• PROBLEM TO SOLVE: Return, exactly, the line that contains "Product1/1 -> [theta]" together with all lines after it to the end of the entries, and no further lines.
:::::
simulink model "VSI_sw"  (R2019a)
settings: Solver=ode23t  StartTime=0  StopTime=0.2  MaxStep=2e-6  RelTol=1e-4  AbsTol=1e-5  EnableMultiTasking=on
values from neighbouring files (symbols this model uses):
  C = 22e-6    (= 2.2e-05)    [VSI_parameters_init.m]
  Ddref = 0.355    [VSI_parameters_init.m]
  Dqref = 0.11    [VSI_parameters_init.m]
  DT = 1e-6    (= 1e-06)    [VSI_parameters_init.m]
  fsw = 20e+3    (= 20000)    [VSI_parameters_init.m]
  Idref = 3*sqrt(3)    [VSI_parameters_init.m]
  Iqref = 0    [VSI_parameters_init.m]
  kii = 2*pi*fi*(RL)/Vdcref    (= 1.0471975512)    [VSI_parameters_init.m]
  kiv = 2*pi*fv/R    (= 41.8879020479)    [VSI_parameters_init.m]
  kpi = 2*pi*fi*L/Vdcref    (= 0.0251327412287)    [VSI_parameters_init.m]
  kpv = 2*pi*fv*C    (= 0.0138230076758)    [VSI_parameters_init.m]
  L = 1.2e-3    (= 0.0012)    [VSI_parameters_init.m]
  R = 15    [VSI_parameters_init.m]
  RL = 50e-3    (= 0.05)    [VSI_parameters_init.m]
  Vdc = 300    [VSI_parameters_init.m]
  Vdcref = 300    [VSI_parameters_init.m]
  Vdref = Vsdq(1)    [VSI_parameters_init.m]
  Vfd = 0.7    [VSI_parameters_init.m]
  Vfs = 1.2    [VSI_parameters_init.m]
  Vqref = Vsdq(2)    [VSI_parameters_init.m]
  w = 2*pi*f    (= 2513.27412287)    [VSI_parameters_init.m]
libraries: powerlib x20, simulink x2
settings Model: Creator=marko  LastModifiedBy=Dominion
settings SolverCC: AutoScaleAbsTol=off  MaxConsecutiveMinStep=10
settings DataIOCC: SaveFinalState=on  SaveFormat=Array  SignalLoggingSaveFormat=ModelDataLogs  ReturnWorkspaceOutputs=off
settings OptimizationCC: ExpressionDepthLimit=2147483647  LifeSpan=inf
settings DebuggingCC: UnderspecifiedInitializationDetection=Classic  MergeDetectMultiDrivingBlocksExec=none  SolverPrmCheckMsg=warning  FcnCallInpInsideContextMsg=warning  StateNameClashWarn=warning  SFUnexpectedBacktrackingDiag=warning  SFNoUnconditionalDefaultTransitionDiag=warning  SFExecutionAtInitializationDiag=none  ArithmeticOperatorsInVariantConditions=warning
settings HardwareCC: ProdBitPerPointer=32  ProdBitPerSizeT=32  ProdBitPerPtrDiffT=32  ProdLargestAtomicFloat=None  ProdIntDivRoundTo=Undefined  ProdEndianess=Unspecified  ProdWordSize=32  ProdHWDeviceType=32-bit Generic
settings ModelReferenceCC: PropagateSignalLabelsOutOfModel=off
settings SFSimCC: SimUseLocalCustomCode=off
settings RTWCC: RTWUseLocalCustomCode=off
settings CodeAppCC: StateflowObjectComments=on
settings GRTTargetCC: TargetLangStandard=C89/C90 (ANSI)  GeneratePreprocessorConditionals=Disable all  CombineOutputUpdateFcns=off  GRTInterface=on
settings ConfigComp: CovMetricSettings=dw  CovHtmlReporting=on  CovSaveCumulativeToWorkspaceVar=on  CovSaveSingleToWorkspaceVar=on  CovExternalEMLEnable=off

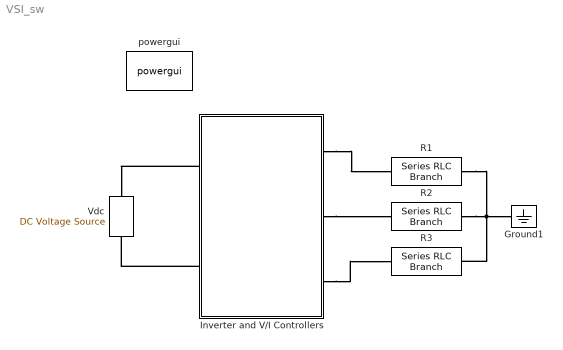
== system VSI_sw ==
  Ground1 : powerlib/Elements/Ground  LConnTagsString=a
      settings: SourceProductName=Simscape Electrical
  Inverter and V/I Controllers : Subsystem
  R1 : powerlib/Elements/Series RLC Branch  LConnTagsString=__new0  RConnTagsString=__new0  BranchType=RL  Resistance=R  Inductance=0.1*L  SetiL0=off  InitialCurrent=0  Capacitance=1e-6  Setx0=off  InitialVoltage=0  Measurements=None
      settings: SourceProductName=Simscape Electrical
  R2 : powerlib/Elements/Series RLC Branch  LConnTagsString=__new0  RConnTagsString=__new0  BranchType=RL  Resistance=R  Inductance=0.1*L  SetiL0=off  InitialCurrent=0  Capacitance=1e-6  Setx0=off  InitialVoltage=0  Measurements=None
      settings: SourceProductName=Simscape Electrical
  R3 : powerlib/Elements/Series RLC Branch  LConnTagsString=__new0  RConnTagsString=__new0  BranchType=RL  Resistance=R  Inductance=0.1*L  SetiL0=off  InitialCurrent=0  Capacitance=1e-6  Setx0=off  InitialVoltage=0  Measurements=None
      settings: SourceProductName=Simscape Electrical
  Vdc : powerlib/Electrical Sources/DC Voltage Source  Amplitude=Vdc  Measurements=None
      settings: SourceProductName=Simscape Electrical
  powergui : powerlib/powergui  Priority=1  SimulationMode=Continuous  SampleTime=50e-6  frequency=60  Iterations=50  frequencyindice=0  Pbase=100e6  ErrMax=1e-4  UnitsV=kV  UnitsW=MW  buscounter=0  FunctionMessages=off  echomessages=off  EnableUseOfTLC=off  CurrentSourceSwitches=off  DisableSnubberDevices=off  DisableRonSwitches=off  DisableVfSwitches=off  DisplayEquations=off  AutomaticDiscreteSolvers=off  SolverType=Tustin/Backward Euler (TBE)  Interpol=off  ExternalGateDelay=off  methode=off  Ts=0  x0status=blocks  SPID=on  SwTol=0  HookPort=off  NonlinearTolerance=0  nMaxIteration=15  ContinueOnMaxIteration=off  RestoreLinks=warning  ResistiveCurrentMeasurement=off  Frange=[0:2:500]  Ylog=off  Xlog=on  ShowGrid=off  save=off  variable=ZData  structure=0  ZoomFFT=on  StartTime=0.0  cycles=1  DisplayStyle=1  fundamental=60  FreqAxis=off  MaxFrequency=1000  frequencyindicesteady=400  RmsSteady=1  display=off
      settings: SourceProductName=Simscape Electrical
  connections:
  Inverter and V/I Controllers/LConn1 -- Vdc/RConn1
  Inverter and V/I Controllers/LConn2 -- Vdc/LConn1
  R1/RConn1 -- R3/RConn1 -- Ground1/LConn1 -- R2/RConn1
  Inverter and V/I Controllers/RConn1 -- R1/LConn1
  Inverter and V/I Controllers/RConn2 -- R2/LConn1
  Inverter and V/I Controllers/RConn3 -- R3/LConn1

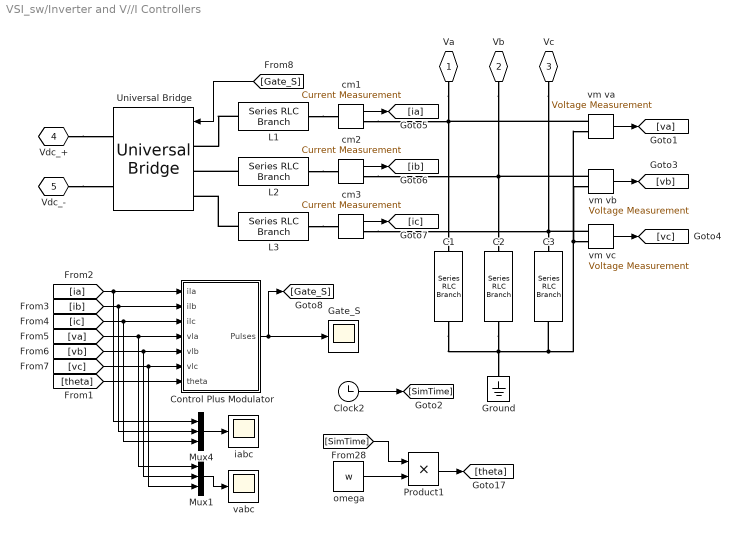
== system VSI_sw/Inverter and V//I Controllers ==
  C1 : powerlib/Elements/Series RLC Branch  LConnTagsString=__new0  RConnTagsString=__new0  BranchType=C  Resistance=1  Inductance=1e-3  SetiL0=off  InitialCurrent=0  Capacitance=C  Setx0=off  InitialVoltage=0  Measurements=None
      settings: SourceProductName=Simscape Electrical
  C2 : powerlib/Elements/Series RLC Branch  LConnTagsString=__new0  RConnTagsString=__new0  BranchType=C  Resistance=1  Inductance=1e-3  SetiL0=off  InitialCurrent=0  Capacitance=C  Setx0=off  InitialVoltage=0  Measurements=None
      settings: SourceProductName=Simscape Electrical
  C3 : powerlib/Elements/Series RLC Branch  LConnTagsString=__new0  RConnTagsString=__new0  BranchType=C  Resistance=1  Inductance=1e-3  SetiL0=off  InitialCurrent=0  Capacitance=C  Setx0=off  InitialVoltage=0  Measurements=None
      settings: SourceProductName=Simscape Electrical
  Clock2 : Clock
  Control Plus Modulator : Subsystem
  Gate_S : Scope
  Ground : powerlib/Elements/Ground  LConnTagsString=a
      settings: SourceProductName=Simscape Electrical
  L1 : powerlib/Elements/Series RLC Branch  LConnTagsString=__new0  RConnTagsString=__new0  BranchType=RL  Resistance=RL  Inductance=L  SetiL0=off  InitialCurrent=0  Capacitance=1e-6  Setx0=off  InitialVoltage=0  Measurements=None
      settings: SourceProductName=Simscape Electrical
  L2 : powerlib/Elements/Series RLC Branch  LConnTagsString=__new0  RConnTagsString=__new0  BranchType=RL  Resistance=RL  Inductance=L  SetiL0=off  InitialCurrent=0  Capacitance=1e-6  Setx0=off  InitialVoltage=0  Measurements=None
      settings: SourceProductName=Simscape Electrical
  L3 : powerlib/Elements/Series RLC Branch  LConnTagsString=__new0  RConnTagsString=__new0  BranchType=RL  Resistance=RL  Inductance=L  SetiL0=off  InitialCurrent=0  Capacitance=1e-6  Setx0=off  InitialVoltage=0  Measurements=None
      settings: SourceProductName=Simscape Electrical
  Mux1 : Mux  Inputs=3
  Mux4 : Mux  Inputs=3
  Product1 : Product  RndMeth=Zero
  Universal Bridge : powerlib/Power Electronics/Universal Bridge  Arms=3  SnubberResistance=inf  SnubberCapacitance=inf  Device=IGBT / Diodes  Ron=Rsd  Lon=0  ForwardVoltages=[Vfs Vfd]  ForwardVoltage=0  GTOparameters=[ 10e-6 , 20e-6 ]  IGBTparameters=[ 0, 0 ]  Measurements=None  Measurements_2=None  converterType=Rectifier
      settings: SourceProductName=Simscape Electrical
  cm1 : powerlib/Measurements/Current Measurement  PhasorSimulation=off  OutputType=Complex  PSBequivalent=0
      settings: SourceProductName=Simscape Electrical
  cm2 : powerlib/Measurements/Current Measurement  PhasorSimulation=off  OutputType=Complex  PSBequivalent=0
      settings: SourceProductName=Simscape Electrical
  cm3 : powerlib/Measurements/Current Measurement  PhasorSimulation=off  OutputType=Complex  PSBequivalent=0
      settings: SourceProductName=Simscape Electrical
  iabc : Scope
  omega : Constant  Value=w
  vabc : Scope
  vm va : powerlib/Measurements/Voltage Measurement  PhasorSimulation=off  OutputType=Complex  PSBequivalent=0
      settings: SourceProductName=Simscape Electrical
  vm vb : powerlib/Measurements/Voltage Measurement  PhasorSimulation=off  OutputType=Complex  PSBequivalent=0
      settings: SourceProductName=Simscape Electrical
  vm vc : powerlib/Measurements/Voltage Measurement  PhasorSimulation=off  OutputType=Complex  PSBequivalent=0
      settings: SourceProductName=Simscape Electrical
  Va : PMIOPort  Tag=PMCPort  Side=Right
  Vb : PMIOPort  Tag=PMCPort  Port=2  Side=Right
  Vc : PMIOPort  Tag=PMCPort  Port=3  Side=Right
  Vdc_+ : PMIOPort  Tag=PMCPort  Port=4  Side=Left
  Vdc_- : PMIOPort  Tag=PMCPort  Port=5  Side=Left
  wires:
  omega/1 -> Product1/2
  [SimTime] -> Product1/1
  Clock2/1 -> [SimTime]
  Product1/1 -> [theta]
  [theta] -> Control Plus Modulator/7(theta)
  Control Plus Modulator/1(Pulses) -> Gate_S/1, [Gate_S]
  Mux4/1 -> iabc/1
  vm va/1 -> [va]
:::::
• PROBLEM SOLUTION:
  Product1/1 -> [theta]
  [theta] -> Control Plus Modulator/7(theta)
  Control Plus Modulator/1(Pulses) -> Gate_S/1, [Gate_S]
  Mux4/1 -> iabc/1
  vm va/1 -> [va]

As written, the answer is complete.